┌────────

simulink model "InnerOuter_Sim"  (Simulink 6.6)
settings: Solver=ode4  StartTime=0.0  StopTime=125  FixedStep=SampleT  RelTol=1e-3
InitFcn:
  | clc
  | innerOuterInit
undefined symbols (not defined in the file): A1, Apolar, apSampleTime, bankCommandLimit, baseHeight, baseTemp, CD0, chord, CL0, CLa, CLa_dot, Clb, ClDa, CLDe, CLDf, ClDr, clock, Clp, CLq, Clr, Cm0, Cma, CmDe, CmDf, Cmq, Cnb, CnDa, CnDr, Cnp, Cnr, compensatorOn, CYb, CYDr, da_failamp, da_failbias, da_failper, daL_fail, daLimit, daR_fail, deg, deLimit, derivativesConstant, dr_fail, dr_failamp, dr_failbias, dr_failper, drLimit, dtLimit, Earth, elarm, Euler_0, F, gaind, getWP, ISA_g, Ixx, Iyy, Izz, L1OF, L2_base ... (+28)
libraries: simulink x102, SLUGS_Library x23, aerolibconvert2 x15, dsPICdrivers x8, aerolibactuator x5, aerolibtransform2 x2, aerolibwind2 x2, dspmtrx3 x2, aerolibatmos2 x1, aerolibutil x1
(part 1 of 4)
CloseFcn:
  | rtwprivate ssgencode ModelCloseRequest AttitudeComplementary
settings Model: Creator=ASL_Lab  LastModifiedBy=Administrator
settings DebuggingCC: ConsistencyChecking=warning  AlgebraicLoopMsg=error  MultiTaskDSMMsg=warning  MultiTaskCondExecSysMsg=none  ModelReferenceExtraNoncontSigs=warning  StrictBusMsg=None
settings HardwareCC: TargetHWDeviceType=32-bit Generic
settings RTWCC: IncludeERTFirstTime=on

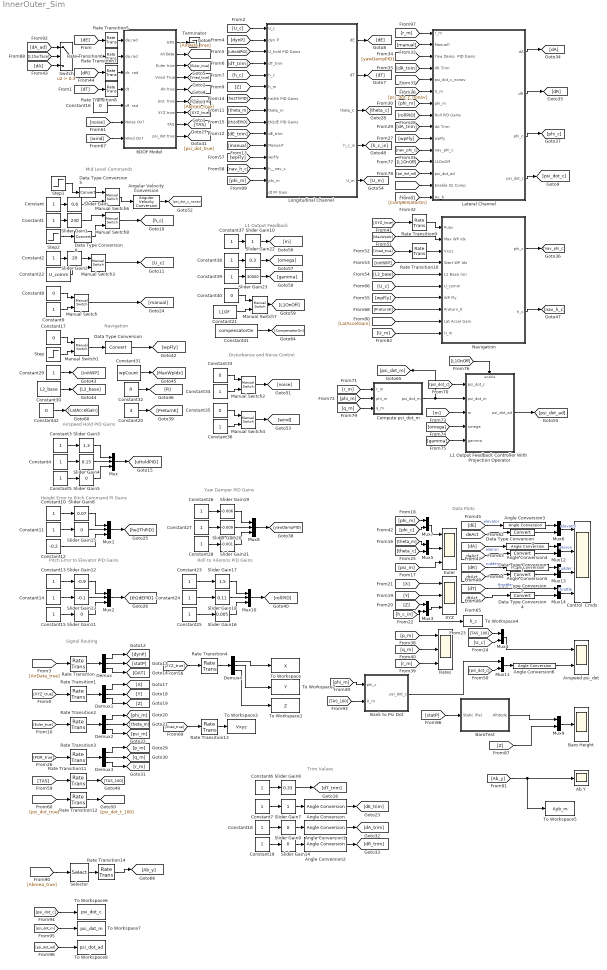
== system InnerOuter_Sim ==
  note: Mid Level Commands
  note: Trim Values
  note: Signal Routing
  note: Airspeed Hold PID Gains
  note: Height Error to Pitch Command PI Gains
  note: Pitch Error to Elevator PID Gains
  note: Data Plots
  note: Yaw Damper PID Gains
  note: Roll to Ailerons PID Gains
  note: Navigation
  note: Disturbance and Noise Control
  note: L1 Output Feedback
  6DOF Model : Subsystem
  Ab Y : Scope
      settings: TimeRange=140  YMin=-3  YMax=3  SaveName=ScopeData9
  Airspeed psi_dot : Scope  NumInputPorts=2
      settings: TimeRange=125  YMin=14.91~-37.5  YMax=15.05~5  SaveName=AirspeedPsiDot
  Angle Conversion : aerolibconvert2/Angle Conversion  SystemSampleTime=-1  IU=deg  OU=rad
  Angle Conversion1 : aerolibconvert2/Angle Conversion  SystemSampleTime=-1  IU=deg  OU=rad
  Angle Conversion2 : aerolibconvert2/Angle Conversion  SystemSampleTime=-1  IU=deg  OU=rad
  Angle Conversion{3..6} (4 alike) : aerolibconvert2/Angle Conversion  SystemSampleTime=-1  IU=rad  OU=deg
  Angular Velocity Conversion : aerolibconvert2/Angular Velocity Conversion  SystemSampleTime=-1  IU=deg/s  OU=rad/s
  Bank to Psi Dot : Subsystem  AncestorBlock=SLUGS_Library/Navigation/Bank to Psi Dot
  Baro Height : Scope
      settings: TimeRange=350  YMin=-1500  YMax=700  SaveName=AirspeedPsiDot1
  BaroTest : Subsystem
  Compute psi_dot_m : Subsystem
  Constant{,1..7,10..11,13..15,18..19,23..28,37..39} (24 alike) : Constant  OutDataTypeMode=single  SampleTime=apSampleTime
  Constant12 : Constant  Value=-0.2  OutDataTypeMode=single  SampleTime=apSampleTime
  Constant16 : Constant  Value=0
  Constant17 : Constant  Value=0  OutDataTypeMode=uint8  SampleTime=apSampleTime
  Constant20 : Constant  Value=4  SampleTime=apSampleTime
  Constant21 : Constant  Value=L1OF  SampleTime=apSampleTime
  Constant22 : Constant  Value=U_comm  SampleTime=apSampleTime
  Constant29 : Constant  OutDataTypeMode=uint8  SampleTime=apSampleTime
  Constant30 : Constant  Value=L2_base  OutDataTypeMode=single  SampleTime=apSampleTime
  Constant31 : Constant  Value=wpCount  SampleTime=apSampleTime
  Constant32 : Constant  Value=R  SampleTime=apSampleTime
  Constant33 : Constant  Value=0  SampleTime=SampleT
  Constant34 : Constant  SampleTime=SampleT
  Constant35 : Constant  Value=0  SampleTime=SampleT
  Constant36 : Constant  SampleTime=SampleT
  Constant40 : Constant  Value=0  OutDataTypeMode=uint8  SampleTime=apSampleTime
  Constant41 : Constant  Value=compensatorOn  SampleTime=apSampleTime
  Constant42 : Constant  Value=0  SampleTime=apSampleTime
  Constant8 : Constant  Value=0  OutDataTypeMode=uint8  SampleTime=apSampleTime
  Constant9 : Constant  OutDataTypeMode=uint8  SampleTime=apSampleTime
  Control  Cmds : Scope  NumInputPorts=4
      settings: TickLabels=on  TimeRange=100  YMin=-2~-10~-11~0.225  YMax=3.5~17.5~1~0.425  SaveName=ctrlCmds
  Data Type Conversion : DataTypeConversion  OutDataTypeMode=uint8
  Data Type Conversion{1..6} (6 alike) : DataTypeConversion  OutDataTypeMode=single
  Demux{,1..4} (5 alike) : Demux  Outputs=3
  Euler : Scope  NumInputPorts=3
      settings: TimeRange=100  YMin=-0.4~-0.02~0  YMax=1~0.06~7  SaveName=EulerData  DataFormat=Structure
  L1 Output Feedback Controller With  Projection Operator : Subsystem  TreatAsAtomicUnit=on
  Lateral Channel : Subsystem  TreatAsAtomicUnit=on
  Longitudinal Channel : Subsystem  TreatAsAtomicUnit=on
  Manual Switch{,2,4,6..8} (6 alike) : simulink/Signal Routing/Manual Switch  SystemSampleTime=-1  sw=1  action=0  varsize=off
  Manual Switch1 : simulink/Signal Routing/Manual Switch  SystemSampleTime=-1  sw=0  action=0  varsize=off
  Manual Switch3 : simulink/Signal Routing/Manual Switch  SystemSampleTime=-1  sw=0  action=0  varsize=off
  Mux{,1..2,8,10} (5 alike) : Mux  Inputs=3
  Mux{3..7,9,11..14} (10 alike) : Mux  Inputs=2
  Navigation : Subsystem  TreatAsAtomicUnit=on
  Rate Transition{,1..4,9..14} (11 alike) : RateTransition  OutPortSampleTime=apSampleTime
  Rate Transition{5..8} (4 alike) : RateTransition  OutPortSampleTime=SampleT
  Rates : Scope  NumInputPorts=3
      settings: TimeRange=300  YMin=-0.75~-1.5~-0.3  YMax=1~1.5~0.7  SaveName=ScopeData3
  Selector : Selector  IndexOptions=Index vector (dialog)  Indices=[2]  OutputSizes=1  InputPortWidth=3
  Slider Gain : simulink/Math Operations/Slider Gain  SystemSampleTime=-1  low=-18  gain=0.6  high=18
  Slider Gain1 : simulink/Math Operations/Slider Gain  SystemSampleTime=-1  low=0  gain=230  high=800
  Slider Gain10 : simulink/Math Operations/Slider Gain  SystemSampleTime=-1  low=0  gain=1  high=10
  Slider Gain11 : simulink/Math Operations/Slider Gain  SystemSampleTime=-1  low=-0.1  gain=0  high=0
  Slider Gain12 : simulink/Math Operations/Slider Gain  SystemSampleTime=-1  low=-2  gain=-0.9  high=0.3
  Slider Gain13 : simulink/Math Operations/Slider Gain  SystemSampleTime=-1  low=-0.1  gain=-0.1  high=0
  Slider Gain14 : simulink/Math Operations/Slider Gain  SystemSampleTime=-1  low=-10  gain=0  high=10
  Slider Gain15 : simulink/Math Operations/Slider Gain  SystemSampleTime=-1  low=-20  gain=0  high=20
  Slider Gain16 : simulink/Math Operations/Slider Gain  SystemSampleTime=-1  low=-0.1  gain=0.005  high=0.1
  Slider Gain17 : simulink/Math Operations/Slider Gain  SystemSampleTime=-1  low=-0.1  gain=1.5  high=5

└────────

- _About this task_
Repeat the lines above exactly, beginning with the one containing "settings DebuggingCC: ConsistencyChecking=warning" and finishing with the one containing "Airspeed psi_dot : Scope". No pictures belong in the copy.

- _Completed task_
settings DebuggingCC: ConsistencyChecking=warning  AlgebraicLoopMsg=error  MultiTaskDSMMsg=warning  MultiTaskCondExecSysMsg=none  ModelReferenceExtraNoncontSigs=warning  StrictBusMsg=None
settings HardwareCC: TargetHWDeviceType=32-bit Generic
settings RTWCC: IncludeERTFirstTime=on

== system InnerOuter_Sim ==
  note: Mid Level Commands
  note: Trim Values
  note: Signal Routing
  note: Airspeed Hold PID Gains
  note: Height Error to Pitch Command PI Gains
  note: Pitch Error to Elevator PID Gains
  note: Data Plots
  note: Yaw Damper PID Gains
  note: Roll to Ailerons PID Gains
  note: Navigation
  note: Disturbance and Noise Control
  note: L1 Output Feedback
  6DOF Model : Subsystem
  Ab Y : Scope
      settings: TimeRange=140  YMin=-3  YMax=3  SaveName=ScopeData9
  Airspeed psi_dot : Scope  NumInputPorts=2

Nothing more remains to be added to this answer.